# Nerja.



## 101405 (Oct 15, 2006)

There is now a M/H stop in Nerja on the 340 coast rd towards Torrox costa about 1km from Nerja, called el playazo. beach side looked to be about 25 or so vans In tonight. large blue sign with M/H pictogram and playazo in blue .


----------



## 109420 (Jan 23, 2008)

Yes there is and it is an eye sore, i hope they build something around it or put some tree's there to hide the M/H's.


----------



## mervyncp (May 1, 2005)

There are much bigger eyesores than this in Spain, especially the spreading scourge of poly tunnels. But I digress.

Called in there last week.
Charges are 8€ for 1 night, 15€ for 2 and 21€ for 3 nights. Max stay 72hrs. Electric hook up and extra 4€ / night.

Emptying and filling services etc if you don't stay are 5€.

They also offer long term parking, but it ain't cheap.

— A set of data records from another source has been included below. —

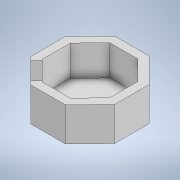
# Autodesk Inventor part: TokenHolderSingle
Saved by Autodesk Inventor 2020 (Build 240168000, 168)
## iProperties
Created: 2020-06-16
Part Number: TokenHolderSingle
Material: Generic
Document SubType Name: Modeling
Designer: user
Density: 1 g/cm^3
Appearance: Default
Author: user
## iProperties of the stored document _3DPrint.ipt
Created: 2020-06-16
Part Number: _3DPrint
Material: Generic
Document SubType Name: Modeling
Designer: user
Density: 1 g/cm^3
Appearance: Default
Author: user
Autodesk Inventor part; units mm, degrees
ref_plane "YZ Plane" through (0, 0, 0) normal (1, 0, 0) x (0, 1, 0)
ref_plane "XZ Plane" through (0, 0, 0) normal (0, 1, 0) x (-1, 0, 0)
ref_plane "XY Plane" through (0, 0, 0) normal (0, 0, 1) x (1, 0, 0)
sketch "Sketch1" plane through (0, 0, 0) normal (0, 1, 0) x (-1, 0, 0)
  line L0 (7.5264, 21.8341) -> (7.5264, 13.5841)
  line L1 (7.5264, 13.5841) -> (1.7974, 7.6477)
  line L2 (1.7974, 7.6477) -> (-6.4526, 7.6477)
  line L3 (7.5264, 21.8341) -> (1.6928, 27.6678)
  line L4 (1.6928, 27.6678) -> (-6.5572, 27.6678)
  line L5 (-6.5572, 27.6678) -> (-12.2862, 21.7314)
  line L6 (-12.2862, 21.7314) -> (-12.2862, 13.4814)
  line L7 (-12.2862, 13.4814) -> (-6.4526, 7.6477)
  line L8 (9.9412, 22.8339) -> (9.9412, 12.5839)
  line L9 (9.9412, 12.5839) -> (2.7976, 5.2333)
  line L10 (2.7976, 5.2333) -> (-7.4524, 5.2333)
  line L11 (9.9412, 22.8339) -> (2.6934, 30.0818)
  line L12 (2.6934, 30.0818) -> (-7.5566, 30.0818)
  line L13 (-7.5566, 30.0818) -> (-14.7002, 22.7311)
  line L14 (-14.7002, 22.7311) -> (-14.7002, 12.4811)
  line L15 (-14.7002, 12.4811) -> (-7.4524, 5.2333)
  point P0 (0, 0)
  point P1 (1, 1)
  dimension "d0" = 8.25
  dimension "d3" = 8.25
  dimension "d5" = 8.25
  dimension "d7" = 8.25
  dimension "d8" = 8.25
  dimension "d9" = 8.25
  dimension "d12" = 8.25
  dimension "d17" = 8.25
  dimension "d18" = 135
  dimension "d19" = 10.25
  dimension "d20" = 10.25
  dimension "d21" = 10.25
  dimension "d22" = 10.25
  dimension "d23" = 10.25
  dimension "d24" = 10.25
  dimension "d25" = 10.25
  dimension "d26" = 10.25
  dimension "d27" = 135
  dimension "d29" = 2.414
  dimension "d31" = 2.414
  dimension "d32" = 2.4144
  dimension "d33" = 2.4148
  constraints: 32 end point, 4 horizontal, 4 vertical
  measures "d0" distance of L0.end L0.start
  measures "d3" distance of L0.end L1.end
  measures "d5" distance of L1.end L2.end
  measures "d7" distance of L0.start L3.end
  measures "d8" distance of L3.end L4.end
  measures "d9" distance of L4.end L5.end
  measures "d12" distance of L5.end L6.end
  measures "d17" distance of L6.end L2.end
  measures "d18" angle of L0 L3
  measures "d19" distance of L8.end L8.start
  measures "d20" distance of L8.end L9.end
  measures "d21" distance of L9.end L10.end
  measures "d22" distance of L8.start L11.end
  measures "d23" distance of L11.end L12.end
  measures "d24" distance of L12.end L13.end
  measures "d25" distance of L13.end L14.end
  measures "d26" distance of L14.end L10.end
  measures "d27" angle of L8 L11
  measures "d29" distance between parallel lines of L14 L6
  measures "d31" distance between parallel lines of L12 L4
  measures "d32" distance between parallel lines of L10 L2
  measures "d33" distance between parallel lines of L0 L8
extrude "OutsideHeight" add sketch "Sketch1" along normal blind 10
extrude "BaseHeight" add sketch "Sketch1" along normal blind 1 contours L0 L1 L2 L7 L6 L5 L4 L3
sketch "Sketch2" plane through (-2.6934, 0, 30.0818) normal (-0.7071068, 0, 0.7071068) x (0.7071068, 0, 0.7071068)
  line L0 (-10.25, 10) -> (0, 10) projected
  line L1 (-0.1464, 0) -> (-10.3964, 0) projected
  line L2 (-8.75, 10) -> (-1.5, 10)
  line L3 (-10.25, 0) -> (-10.25, 10) projected
  line L4 (0, 0) -> (0, 10) projected
  line L5 (-8.75, 1) -> (-1.5, 1)
  line L6 (-8.75, 10) -> (-8.75, 1)
  line L7 (-1.5, 10) -> (-1.5, 1)
  point P0 (-19.3665, 0)
  dimension "d41" = 1.5
  dimension "d42" = 1.5
  dimension "d43" = 1
  constraints: 8 end point, 2 point on line
  measures "d41" distance between parallel lines of L6 L3
  measures "d42" distance between parallel lines of L4 L7
  measures "d43" distance between parallel lines of L1 L5
extrude "SideCut" cut sketch "Sketch2" against normal blind 2.5
equation "\"d3\" = d0"
equation "\"d5\" = d0"
equation "\"d7\" = d0"
equation "\"d8\" = d0"
equation "\"d9\" = d0"
equation "\"d12\" = d0"
equation "\"d17\" = d0"
equation "\"d20\" = d19"
equation "\"d21\" = d19"
equation "\"d22\" = d19"
equation "\"d23\" = d19"
equation "\"d24\" = d19"
equation "\"d25\" = d19"
equation "\"d26\" = d19"
equation "\"d42\" = d41"
body "Solid1"

We need many more services such as this in Spain.


----------



## 96798 (Nov 26, 2005)

If I am going to pay that sort of money for a "parking" space I would rather stop on a camp site.

John


----------



## SidT (May 9, 2005)

There is a large carpark in the town which is much nearer to town obviously, We stayed there recently with 4 other vans, Police did regular patrols.
Cheers Sid


----------



## 114585 (Jul 19, 2008)

This area has been zoned to become a Marina and from local press reports construction will commence in 2010. This parking area is not always open and has been closed for the last two weeks. I am in Nerja next week (July 24th 2008) so I will check.


----------



## whistlinggypsy (May 1, 2005)

mervyncp, is Tania still in charge there :?: that was where i was when i broke my wrist in the showers last Febuary, its a great place for a couple of days relaxing before going or coming from Morocco.

Bob


----------



## teemyob (Nov 22, 2005)

*Nerja*

and what a Dump Nerja is to begin with!

Trev.


----------



## artona (Jan 19, 2006)

Hi

_and what a Dump Nerja is to begin with!_ We have had a few fantastic holidays there Trev, why did you think it was a dump?

stew


----------



## hilldweller (Mar 8, 2008)

*Re: Nerja*



teemyob said:


> and what a Dump Nerja is to begin with!
> Trev.


WOT !!

The Balcon de Europa is one of the best places you could ever wish to have an al fresco evening meal. Just enjoy food and watch the people.


----------



## teemyob (Nov 22, 2005)

*Nerja*

Nerja, I have been three times and apart from the weather found the place very scruffy. Some parts were like trafford park with a beach. As for Balcon De Europa, if you feel that is one of the best places to be, travel more. Far nices places to be seen.

Trev


----------



## SidT (May 9, 2005)

Hi Trev. Like others we enjoyed our stay in Nerja, Give us an example of somewhere you consider "nicer". mind you its all a matter of individual tastes.
Cheers Sid


----------